If the front bottom is solid you could drill holes in a pattern or style, or saw in a swirl or flame or lightning like you said you wanted  and then mount a fan or 2 on the front to suck air through, will keep your system reeeeaaaaal cold if you can get enough air coming through and will look kick ass


----------



## awildgoose

Aastii said:


> *I agree with him, the left switch looks way out on the pics, the right one looks straight  (1)*
> 
> *How can you have a seitch for the cpu and gpu though, can you explain please? (2)*





Nevakonaza said:


> Looking good so far,What i would have done is put those two fans on the side at the bottom and cut a clear window for the sidepanel,T*hen i would give the whole case a new paint job (3)*....including the inside.
> 
> Looks like you know what your doing with the cables so thats fine.
> 
> *Im not too sure why you have put switches on the Gpu and Cpu fans though? (2)* because i dunno about you but i would never turn them off anyway so its realy pointless them been there?





Aastii said:


> If the front bottom is solid you could drill holes in a pattern or style, or saw in a swirl or flame or lightning like you said you wanted * and then mount a fan or 2 on the front to suck air through (4)*, will keep your system reeeeaaaaal cold if you can get enough air coming through and will look kick ass



(1) I was looking at the pics at school today and yess, the one on the left does look off.

(2) When I put it as "CPU" and "GPU" I didn't want to right, "fan that blows onto the CPU" and "fan that blows onto the graphics card" so I just put CPU and GPU as something shorter.

(3) I am going to paint it, probably not the inside, but the outside I will. I might do some freehand sketch art or just some stencil work, but it still is going to look good. I don't know when but.

(4) The picture of the case from the back all the way to the inside was meant because I was/maybe might be going to put a fan at the bottom and drill through the front of my case as I don't use those USB plugs and the Audio. But where my DVD drive is I have another 120mm fan just below it, still in the DVD drive bay,


----------



## thandakid

awildgoose said:


> Sorry, I  just don't have a picture of my computer, so I thought people could just look at that and get an idea.
> 
> I guess you want me to take it down?



Whats this

and this



awildgoose said:


> I don't have a direct picture of my computer (camera batteries ran out, haven't replaced them).
> 
> EDIT: I will post a pic up soon.


----------



## Candy

awildgoose said:


> (2) When I put it as "CPU" and "GPU" I didn't want to right, "fan that blows onto the CPU" and "fan that blows onto the graphics card" so I just put CPU and GPU as something shorter.



Lol he meant why do you have switches for the CPU and GPU fans as there is no reason for wanting to turn them off.
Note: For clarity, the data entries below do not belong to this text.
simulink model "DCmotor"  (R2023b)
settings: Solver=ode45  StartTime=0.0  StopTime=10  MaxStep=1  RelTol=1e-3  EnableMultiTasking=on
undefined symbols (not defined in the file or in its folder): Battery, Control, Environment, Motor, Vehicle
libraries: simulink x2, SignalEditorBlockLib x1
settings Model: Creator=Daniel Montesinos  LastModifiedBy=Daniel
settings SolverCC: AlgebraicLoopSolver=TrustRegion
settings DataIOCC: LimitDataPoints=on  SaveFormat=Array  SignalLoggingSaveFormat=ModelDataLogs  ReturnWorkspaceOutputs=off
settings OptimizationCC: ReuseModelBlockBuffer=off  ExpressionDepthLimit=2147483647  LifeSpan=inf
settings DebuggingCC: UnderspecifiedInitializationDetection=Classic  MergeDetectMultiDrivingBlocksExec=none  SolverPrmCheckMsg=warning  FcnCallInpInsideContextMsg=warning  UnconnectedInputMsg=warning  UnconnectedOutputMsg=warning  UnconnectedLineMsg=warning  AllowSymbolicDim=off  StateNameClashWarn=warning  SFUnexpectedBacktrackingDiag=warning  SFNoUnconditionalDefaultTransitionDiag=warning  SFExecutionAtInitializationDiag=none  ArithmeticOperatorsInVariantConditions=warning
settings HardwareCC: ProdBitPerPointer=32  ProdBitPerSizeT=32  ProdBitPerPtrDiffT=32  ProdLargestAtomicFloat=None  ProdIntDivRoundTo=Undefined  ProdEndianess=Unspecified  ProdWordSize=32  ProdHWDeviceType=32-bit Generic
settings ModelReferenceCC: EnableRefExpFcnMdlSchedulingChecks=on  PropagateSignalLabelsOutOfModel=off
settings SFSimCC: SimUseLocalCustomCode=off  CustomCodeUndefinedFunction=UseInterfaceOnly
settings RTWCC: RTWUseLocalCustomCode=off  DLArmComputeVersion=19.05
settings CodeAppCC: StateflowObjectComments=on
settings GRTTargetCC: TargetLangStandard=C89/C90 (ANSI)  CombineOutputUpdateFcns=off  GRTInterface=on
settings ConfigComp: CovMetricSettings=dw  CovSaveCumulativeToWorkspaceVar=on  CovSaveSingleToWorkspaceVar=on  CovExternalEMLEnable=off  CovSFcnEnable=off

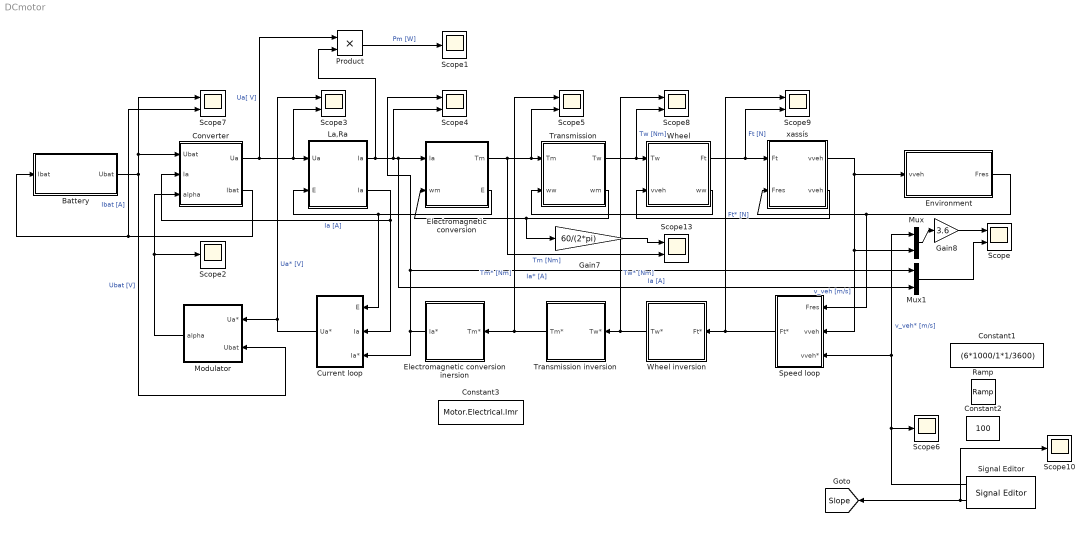
== system DCmotor ==
  Battery : Subsystem  AncestorBlock=simulink/REM/SE
      mask Display:
      | plot(0,0,100,100, 1.2*[50,57.68,60.77,63.08,64.97,66.58,68,69.26,70.4, 	71.42,72.36,78.28,80,78.28,72.36,71.42,70.4, 	69.26,68,66.58,64.97,63.08,60.77,57.68,50,42.32, 	39.23,36.92,35.03,33.42,32,30.74,29.6,28.58, 	27.64,21.72,20,21.72,27.64,28.58,29.6,30.74,32, 	33.42,35.03,36.92,39.23,42.32,50]-10, 1.2*[20,21,22,23,24,25,26,27,28,29,30,40,50,60,70,71,72, 	73,74,75,76,77,78,79,80,79,78,77,76,75,74,73,72, 	71,70,60,50,40,30,29,28,27,26,25,24,23,22,21,20]-10)
      | disp('Source')
  Constant1 : Constant  Value=(6*1000/1*1/3600)
  Constant2 : Constant  Value=100
  Constant3 : Constant  Value=Motor.Electrical.Imr
  Converter : Subsystem  AncestorBlock=simulink/REM/EC Elec  mask(Hacheur){}
      mask Display: plot(0,0,100,100,[10,10,90,90,10],[90,10,10,90,90])
  Current loop : Subsystem  AncestorBlock=simulink/SMC/Asservissement Correcteur IP
      mask Display: plot(0,0,100,100, [10,30,90,70,10,90],[90,10,10,90,90,10])
  Electromagnetic conversion : Subsystem  AncestorBlock=simulink/REM/EC EM
      mask Display: plot(0,0,100,100, 1.4*[50,57.68,60.77,63.08,64.97,66.58,68,69.26,70.4, 	71.42,72.36,78.28,80,78.28,72.36,71.42,70.4, 	69.26,68,66.58,64.97,63.08,60.77,57.68,50,42.32, 	39.23,36.92,35.03,33.42,32,30.74,29.6,28.58, 	27.64,21.72,20,21.72,27.64,28.58,29.6,30.74,32, 	33.42,35.03,36.92,39.23,42.32,50]-20, 1.4*[20,21,22,23,24,25,26,27,28,29,30,40,50,60,70,71,72, 	73,74,75,76,77,78,79,80,79,78,77,76,75,74,73,72, 	71,70,60,50,40,30,29,28,27,26,25,24,23,22,21,20]-20)
  Electromagnetic conversion inersion : Subsystem  AncestorBlock=simulink/SMC/Inversion EC avec mesure
      mask Display: plot(0,0,100,100,[10,30,90,70,10],[90,10,10,90,90])
  Environment : Subsystem  AncestorBlock=simulink/REM/SE
      mask Display:
      | plot(0,0,100,100, 1.2*[50,57.68,60.77,63.08,64.97,66.58,68,69.26,70.4, 	71.42,72.36,78.28,80,78.28,72.36,71.42,70.4, 	69.26,68,66.58,64.97,63.08,60.77,57.68,50,42.32, 	39.23,36.92,35.03,33.42,32,30.74,29.6,28.58, 	27.64,21.72,20,21.72,27.64,28.58,29.6,30.74,32, 	33.42,35.03,36.92,39.23,42.32,50]-10, 1.2*[20,21,22,23,24,25,26,27,28,29,30,40,50,60,70,71,72, 	73,74,75,76,77,78,79,80,79,78,77,76,75,74,73,72, 	71,70,60,50,40,30,29,28,27,26,25,24,23,22,21,20]-10)
      | disp('Source')
  Gain7 : Gain  Gain=60/(2*pi)
  Gain8 : Gain  Gain=3.6
  La,Ra : Subsystem  AncestorBlock=simulink/REM/EA  mask(CM){}
      mask Display: plot(0,0,100,100,[10,10,90,90,10],[90,10,10,90,90], [10,90],[10,90])
  Modulator : Subsystem  AncestorBlock=simulink/SMC/Inversion EC avec mesure
      mask Display: plot(0,0,100,100,[10,30,90,70,10],[90,10,10,90,90])
  Mux : Mux  Inputs=2
  Mux1 : Mux  Inputs=2
  Product : Product
  Ramp : simulink/Sources/Ramp  slope=(3*1000/1*1/3600)/2  start=0  InitialOutput=0
  Scope{,3..5,7..9,13} (8 alike) : Scope  NumInputPorts=2
  Scope{1..2,6,10} (4 alike) : Scope
  Signal Editor : SignalEditorBlockLib/Signal Editor  FileName=C:\Users\Daniel\OneDrive - Universitat Politècnica de Catalunya\CITCEA-UPC\CITCEA\Formació\2023_09_ANJORVE_FOC\Lab2. PMSM dq control\SpeedRef.mat  ActiveScenario=Scenario  ActiveSignal=Speed  IsBus=off  OutputBusObjectStr=Bus: BusObject  SampleTime=0  ZeroCross=off  OutputAfterFinalValue=Setting to zero  Unit=inherit  PreserveSignalName=on  ApplySigPropsToAllScenarios=on  ApplySigPropsToAllSignals=off
  Speed loop : Subsystem  AncestorBlock=simulink/SMC/Asservissement Correcteur IP
      mask Display: plot(0,0,100,100, [10,30,90,70,10,90],[90,10,10,90,90,10])
  Transmission : Subsystem  AncestorBlock=simulink/REM/EC Elec  mask(Hacheur){}
      mask Display: plot(0,0,100,100,[10,10,90,90,10],[90,10,10,90,90])
  Transmission inversion : Subsystem  AncestorBlock=simulink/SMC/Inversion EC avec mesure
      mask Display: plot(0,0,100,100,[10,30,90,70,10],[90,10,10,90,90])
  Wheel : Subsystem  AncestorBlock=simulink/REM/EC Elec  mask(Hacheur){}
      mask Display: plot(0,0,100,100,[10,10,90,90,10],[90,10,10,90,90])
  Wheel inversion : Subsystem  AncestorBlock=simulink/SMC/Inversion EC avec mesure
      mask Display: plot(0,0,100,100,[10,30,90,70,10],[90,10,10,90,90])
  xassís : Subsystem  AncestorBlock=simulink/REM/EA  mask(CM){}
      mask Display: plot(0,0,100,100,[10,10,90,90,10],[90,10,10,90,90], [10,90],[10,90])
  tag scope: Slope=global
  wires:
  xassís/1(vveh) -> Environment/1(vveh), Speed loop/2(vveh), Mux/2  "v_veh [m/s]"
  Environment/1(Fres) -> xassís/2(Fres), Speed loop/1(Fres)
  Mux/1 -> Gain8/1
  xassís/2("vveh ") -> Wheel/2(vveh)
  Transmission/1(Tw) -> Scope8/2, Wheel/1(Tw)  "Tw [Nm]"
  Wheel/2(ww) -> Transmission/2(ww)
  Wheel inversion/1(Tw*) -> Transmission inversion/1(Tw*), Scope8/1  "Tw* [Nm]"
  Transmission/2(wm) -> Gain7/1, Electromagnetic conversion/2(wm)
  Electromagnetic conversion/1(Tm) -> Scope13/2, Scope5/2, Transmission/1(Tm)  "Tm [Nm]"
  La,Ra/1("Ia ") -> Product/2, Electromagnetic conversion/1(Ia), Mux1/2, Scope4/2  "Ia [A]"
  Electromagnetic conversion/2(E) -> La,Ra/2(E), Current loop/1(E)
  Electromagnetic conversion inersion/1(Ia*) -> Current loop/3(Ia*), Scope4/1, Mux1/1  "Ia* [A]"
  La,Ra/2(Ia) -> Converter/2(Ia), Current loop/2(Ia)  "Ia [A]"
  Transmission inversion/1(Tm*) -> Electromagnetic conversion inersion/1(Tm*), Scope5/1  "Tm* [Nm]"
  Modulator/1(alpha) -> Scope2/1, Converter/3(alpha)
  Converter/2(Ibat) -> Scope7/2, Battery/1(Ibat)  "Ibat [A]"
  Battery/1(Ubat) -> Modulator/2(Ubat), Scope7/1, Converter/1(Ubat)  "Ubat [V]"
  Speed loop/1(Ft*) -> Scope9/1, Wheel inversion/1(Ft*)  "Ft* [N]"
  Wheel/1(Ft) -> Scope9/2, xassís/1(Ft)  "Ft [N]"
  Current loop/1(Ua*) -> Scope3/1, Modulator/1(Ua*)  "Ua* [V]"
  Converter/1(Ua) -> Scope3/2, La,Ra/1(Ua), Product/1  "Ua[ V]"
  Gain7/1 -> Scope13/1
  Gain8/1 -> Scope/1
  Mux1/1 -> Scope/2
  Signal Editor/1 -> Scope6/1, Mux/1, Speed loop/3(vveh*)  "v_veh* [m/s]"
  Product/1 -> Scope1/1  "Pm [W]"
  Signal Editor/2 -> Scope10/1, [Slope]

== system DCmotor/Battery ==
  Ibat : Inport
  Constant : Constant  Value=Battery.Electrical.Ubat
  Terminator : Terminator
  Ubat : Outport  InitialOutput=0  VectorParamsAs1DForOutWhenUnconnected=off
  wires:
  Ibat/1 -> Terminator/1
  Constant/1 -> Ubat/1

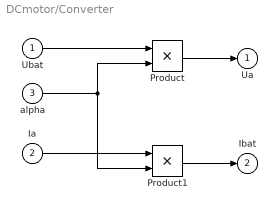
== system DCmotor/Converter ==
  Ubat : Inport
  Ia : Inport  Port=2
  alpha : Inport  Port=3
  Product : Product
  Product1 : Product
  Ua : Outport  InitialOutput=0  VectorParamsAs1DForOutWhenUnconnected=off
  Ibat : Outport  Port=2  InitialOutput=0  VectorParamsAs1DForOutWhenUnconnected=off
  wires:
  Ubat/1 -> Product/1
  alpha/1 -> Product/2, Product1/2
  Product/1 -> Ua/1
  Product1/1 -> Ibat/1
  Ia/1 -> Product1/1

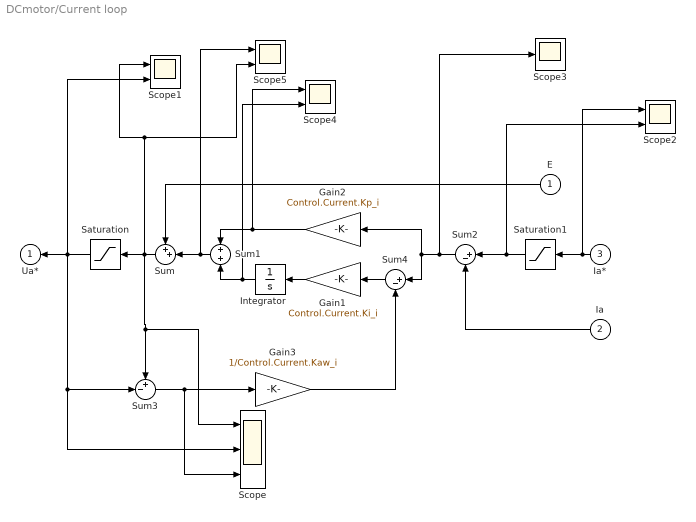
== system DCmotor/Current loop ==
  E : Inport
  Ia : Inport  Port=2
  Ia* : Inport  Port=3
  Gain1 : Gain  Gain=Control.Current.Ki_i
  Gain2 : Gain  Gain=Control.Current.Kp_i
  Gain3 : Gain  Gain=1/Control.Current.Kaw_i
  Integrator : Integrator
  Saturation : Saturate  UpperLimit=Motor.Electrical.Umr  LowerLimit=-Motor.Electrical.Umr
  Saturation1 : Saturate  UpperLimit=Motor.Electrical.Imr  LowerLimit=-Motor.Electrical.Imr
  Scope : Scope  NumInputPorts=3
  Scope{1..2,4..5} (4 alike) : Scope  NumInputPorts=2
  Scope3 : Scope
  Sum : Sum  Inputs=++|
  Sum1 : Sum
  Sum2 : Sum  Inputs=|+-
  Sum3 : Sum  Inputs=+-|
  Sum4 : Sum  Inputs=|+-
  Ua* : Outport  InitialOutput=0  VectorParamsAs1DForOutWhenUnconnected=off
  wires:
  Ia/1 -> Sum2/2
  Sum2/1 -> Scope3/1, Sum4/1, Gain2/1
  Sum1/1 -> Scope5/1, Sum/2
  Gain2/1 -> Scope4/1, Sum1/1
  Integrator/1 -> Scope4/2, Sum1/2
  Gain1/1 -> Integrator/1
  E/1 -> Sum/1
  Sum3/1 -> Scope/3, Gain3/1
  Sum4/1 -> Gain1/1
  Gain3/1 -> Sum4/2
  Ia*/1 -> Saturation1/1, Scope2/1
  Sum/1 -> Saturation/1, Scope5/2, Scope1/1, Sum3/1, Scope/1
  Saturation1/1 -> Scope2/2, Sum2/1
  Saturation/1 -> Scope1/2, Sum3/2, Scope/2, Ua*/1

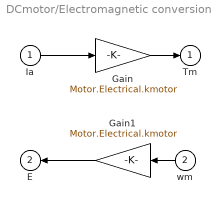
== system DCmotor/Electromagnetic conversion ==
  Ia : Inport
  wm : Inport  Port=2
  Gain : Gain  Gain=Motor.Electrical.kmotor
  Gain1 : Gain  Gain=Motor.Electrical.kmotor
  Tm : Outport  InitialOutput=0  VectorParamsAs1DForOutWhenUnconnected=off
  E : Outport  Port=2  InitialOutput=0  VectorParamsAs1DForOutWhenUnconnected=off
  wires:
  Ia/1 -> Gain/1
  Gain/1 -> Tm/1
  Gain1/1 -> E/1
  wm/1 -> Gain1/1

== system DCmotor/Electromagnetic conversion inersion ==
  Tm* : Inport
  Gain1 : Gain  Gain=1/Motor.Electrical.kmotor
  Ia* : Outport  InitialOutput=0  VectorParamsAs1DForOutWhenUnconnected=off
  wires:
  Gain1/1 -> Ia*/1
  Tm*/1 -> Gain1/1

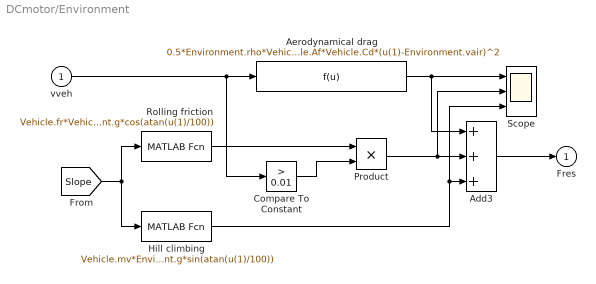
== system DCmotor/Environment ==
  vveh : Inport
  Add3 : Sum  Inputs=+++
  Aerodynamical drag : Fcn  Expr=0.5*Environment.rho*Vehicle.Af*Vehicle.Cd*(u(1)-Environment.vair)^2
  Compare To Constant : simulink/Logic and Bit Operations/Compare To Constant  relop=>  const=0.01  OutDataTypeStr=boolean  ZeroCross=off
  Hill climbing : MATLABFcn  MATLABFcn=Vehicle.mv*Environment.g*sin(atan(u(1)/100))
  Product : Product
  Rolling friction : MATLABFcn  MATLABFcn=Vehicle.fr*Vehicle.mv*Environment.g*cos(atan(u(1)/100))
  Scope : Scope  NumInputPorts=3
  Fres : Outport  InitialOutput=0  VectorParamsAs1DForOutWhenUnconnected=off
  wires:
  Aerodynamical drag/1 -> Scope/1, Add3/1
  Hill climbing/1 -> Scope/3, Add3/3
  Product/1 -> Scope/2, Add3/2
  Add3/1 -> Fres/1
  vveh/1 -> Compare To Constant/1, Aerodynamical drag/1
  Compare To Constant/1 -> Product/2
  Rolling friction/1 -> Product/1
  [Slope] -> Hill climbing/1, Rolling friction/1

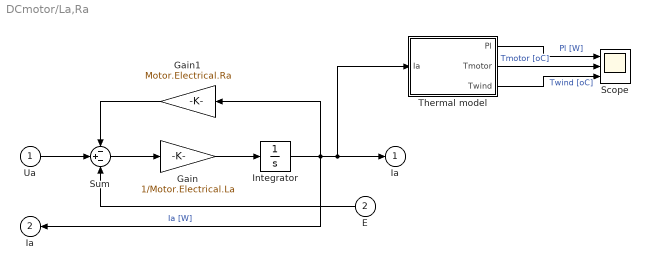
== system DCmotor/La,Ra ==
  Ua : Inport
  E : Inport  Port=2
  Gain : Gain  Gain=1/Motor.Electrical.La
  Gain1 : Gain  Gain=Motor.Electrical.Ra
  Integrator : Integrator
  Scope : Scope  NumInputPorts=3
  Sum : Sum  Inputs=-+-
  Thermal model : Subsystem
  "Ia " : Outport  InitialOutput=0  VectorParamsAs1DForOutWhenUnconnected=off
  Ia : Outport  Port=2  InitialOutput=0  VectorParamsAs1DForOutWhenUnconnected=off
  wires:
  Integrator/1 -> Ia/1, Thermal model/1(Ia), "Ia "/1, Gain1/1  "Ia [W]"
  Gain/1 -> Integrator/1
  Sum/1 -> Gain/1
  Ua/1 -> Sum/2
  Gain1/1 -> Sum/1
  E/1 -> Sum/3
  Thermal model/2(Tmotor) -> Scope/2  "Tmotor [oC]"
  Thermal model/1("Pl ") -> Scope/1  "Pl [W]"
  Thermal model/3(Twind) -> Scope/3  "Twind [oC]"

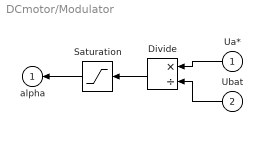
== system DCmotor/Modulator ==
  Ua* : Inport
  Ubat : Inport  Port=2
  Divide : Product  Inputs=*/
  Saturation : Saturate  UpperLimit=1  LowerLimit=-1
  alpha : Outport  InitialOutput=0  VectorParamsAs1DForOutWhenUnconnected=off
  wires:
  Divide/1 -> Saturation/1
  Ua*/1 -> Divide/1
  Ubat/1 -> Divide/2
  Saturation/1 -> alpha/1

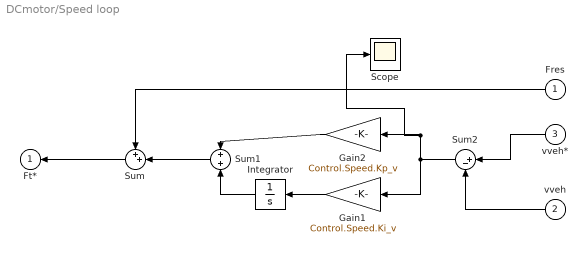
== system DCmotor/Speed loop ==
  Fres : Inport
  vveh : Inport  Port=2
  vveh* : Inport  Port=3
  Gain1 : Gain  Gain=Control.Speed.Ki_v
  Gain2 : Gain  Gain=Control.Speed.Kp_v
  Integrator : Integrator
  Scope : Scope
  Sum : Sum  Inputs=++|
  Sum1 : Sum
  Sum2 : Sum  Inputs=|+-
  Ft* : Outport  InitialOutput=0  VectorParamsAs1DForOutWhenUnconnected=off
  wires:
  Sum/1 -> Ft*/1
  Fres/1 -> Sum/1
  Gain1/1 -> Integrator/1
  Integrator/1 -> Sum1/2
  Gain2/1 -> Sum1/1
  Sum1/1 -> Sum/2
  vveh*/1 -> Sum2/1
  vveh/1 -> Sum2/2
  Sum2/1 -> Scope/1, Gain2/1, Gain1/1

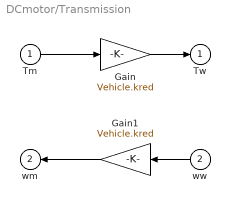
== system DCmotor/Transmission ==
  Tm : Inport
  ww : Inport  Port=2
  Gain : Gain  Gain=Vehicle.kred
  Gain1 : Gain  Gain=Vehicle.kred
  Tw : Outport  InitialOutput=0  VectorParamsAs1DForOutWhenUnconnected=off
  wm : Outport  Port=2  InitialOutput=0  VectorParamsAs1DForOutWhenUnconnected=off
  wires:
  Tm/1 -> Gain/1
  Gain/1 -> Tw/1
  Gain1/1 -> wm/1
  ww/1 -> Gain1/1

== system DCmotor/Transmission inversion ==
  Tw* : Inport
  Gain : Gain  Gain=1/Vehicle.kred
  Tm* : Outport  InitialOutput=0  VectorParamsAs1DForOutWhenUnconnected=off
  wires:
  Tw*/1 -> Gain/1
  Gain/1 -> Tm*/1

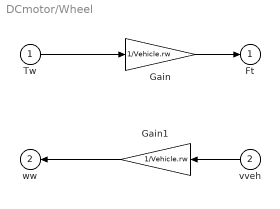
== system DCmotor/Wheel ==
  Tw : Inport
  vveh : Inport  Port=2
  Gain : Gain  Gain=1/Vehicle.rw
  Gain1 : Gain  Gain=1/Vehicle.rw
  Ft : Outport  InitialOutput=0  VectorParamsAs1DForOutWhenUnconnected=off
  ww : Outport  Port=2  InitialOutput=0  VectorParamsAs1DForOutWhenUnconnected=off
  wires:
  Tw/1 -> Gain/1
  Gain/1 -> Ft/1
  Gain1/1 -> ww/1
  vveh/1 -> Gain1/1

== system DCmotor/Wheel inversion ==
  Ft* : Inport
  Gain : Gain  Gain=Vehicle.rw
  Tw* : Outport  InitialOutput=0  VectorParamsAs1DForOutWhenUnconnected=off
  wires:
  Gain/1 -> Tw*/1
  Ft*/1 -> Gain/1

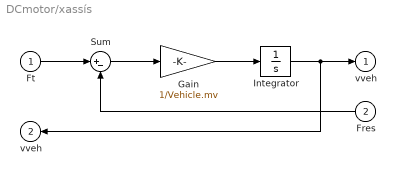
== system DCmotor/xassís ==
  Ft : Inport
  Fres : Inport  Port=2
  Gain : Gain  Gain=1/Vehicle.mv
  Integrator : Integrator
  Sum : Sum  Inputs=|+-
  vveh : Outport  InitialOutput=0  VectorParamsAs1DForOutWhenUnconnected=off
  "vveh " : Outport  Port=2  InitialOutput=0  VectorParamsAs1DForOutWhenUnconnected=off
  wires:
  Ft/1 -> Sum/1
  Fres/1 -> Sum/2
  Sum/1 -> Gain/1
  Gain/1 -> Integrator/1
  Integrator/1 -> vveh/1, "vveh "/1

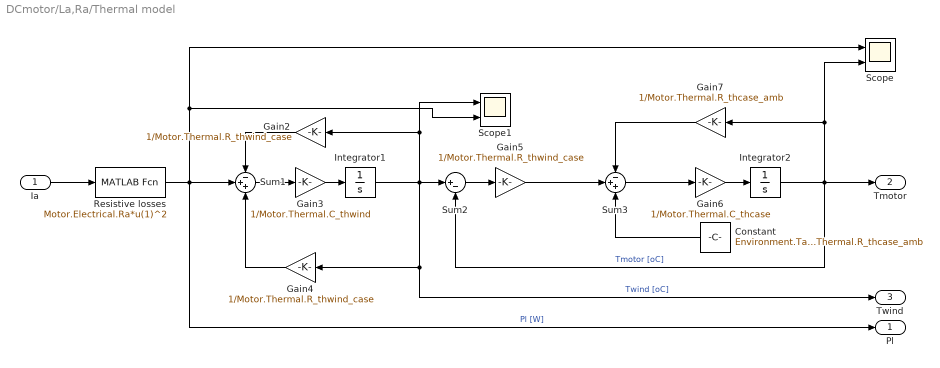
== system DCmotor/La,Ra/Thermal model ==
  Ia : Inport
  Constant : Constant  Value=Environment.Tamb/Motor.Thermal.R_thcase_amb
  Gain2 : Gain  Gain=1/Motor.Thermal.R_thwind_case
  Gain3 : Gain  Gain=1/Motor.Thermal.C_thwind
  Gain4 : Gain  Gain=1/Motor.Thermal.R_thwind_case
  Gain5 : Gain  Gain=1/Motor.Thermal.R_thwind_case
  Gain6 : Gain  Gain=1/Motor.Thermal.C_thcase
  Gain7 : Gain  Gain=1/Motor.Thermal.R_thcase_amb
  Integrator1 : Integrator
  Integrator2 : Integrator
  Resistive losses : MATLABFcn  MATLABFcn=Motor.Electrical.Ra*u(1)^2
  Scope : Scope  NumInputPorts=2
  Scope1 : Scope  NumInputPorts=2
  Sum1 : Sum  Inputs=-++
  Sum2 : Sum  Inputs=|+-
  Sum3 : Sum  Inputs=-++
  "Pl " : Outport
  Tmotor : Outport  Port=2
  Twind : Outport  Port=3
  wires:
  Gain4/1 -> Sum1/3
  Sum1/1 -> Gain3/1
  Sum2/1 -> Gain5/1
  Integrator1/1 -> Twind/1, Gain4/1, Sum2/1, Scope1/1, Gain2/1  "Twind [oC]"
  Gain6/1 -> Integrator2/1
  Integrator2/1 -> Sum2/2, Tmotor/1, Scope/2, Gain7/1  "Tmotor [oC]"
  Gain2/1 -> Sum1/1
  Sum3/1 -> Gain6/1
  Ia/1 -> Resistive losses/1
  Resistive losses/1 -> "Pl "/1, Sum1/2, Scope1/2, Scope/1  "Pl [W]"
  Gain3/1 -> Integrator1/1
  Gain7/1 -> Sum3/1
  Gain5/1 -> Sum3/2
  Constant/1 -> Sum3/3

In fact, turning them off would be a bad idea.


----------



## awildgoose

Candy said:


> Lol he meant why do you have switches for the CPU and GPU fans as there is no reason for wanting to turn them off. In fact, turning them off would be a bad idea.



No no no, they are not for the actual CPU and GPU fans at all. There is one fan I added that blows onto the CPU and I added a fan that blows onto the Graphics card. They do not turn the cards/fans on and off themselves just the added extra fans.


----------



## Candy

awildgoose said:


> No no no, they are not for the actual CPU and GPU fans at all. There is one fan I added that blows onto the CPU and I added a fan that blows onto the Graphics card. They do not turn the cards/fans on and off themselves just the added extra fans.



Oh ok, that's alight then


----------



## awildgoose

Candy said:


> Oh ok, that's alight then



Glad I could clear that up then


----------



## Dystopia

i memorized you plate num...im gonna hack police databases and then come after you...im a sadistic killer, and my time here has finally payed off. dont go to sleep. dont be in the dark. get a body guard. what ever. I'll still get you. nothing stops me.


----------



## Dystopia

ever.


----------



## Dystopia

You should kill your self now, itll be easier on you.


----------



## awildgoose

Yeh I forgot to block out the number plate oops. Oh well its not mine, plus you can't kill me, just ask the last guy... oh wait you can't


----------



## Dystopia

I killed the owner. He pissed himself first. It was awesome.


----------



## Dystopia

Lol, I'm really bored right now 

Back to the thread, the mod's looking good!!


----------



## awildgoose

Elimin8or said:


> Lol, I'm really bored right now
> 
> Back to the thread, the mod's looking good!!



Thanks, i still gotta paint it, but I just don't have the money right now. I also gotta drill some more holes at the front for some more air flow.


----------



## Dystopia

awildgoose said:


> Thanks, i still gotta paint it, *but I just don't have the money right now.* I also gotta drill some more holes at the front for some more air flow.



 don't i know what thats like...


----------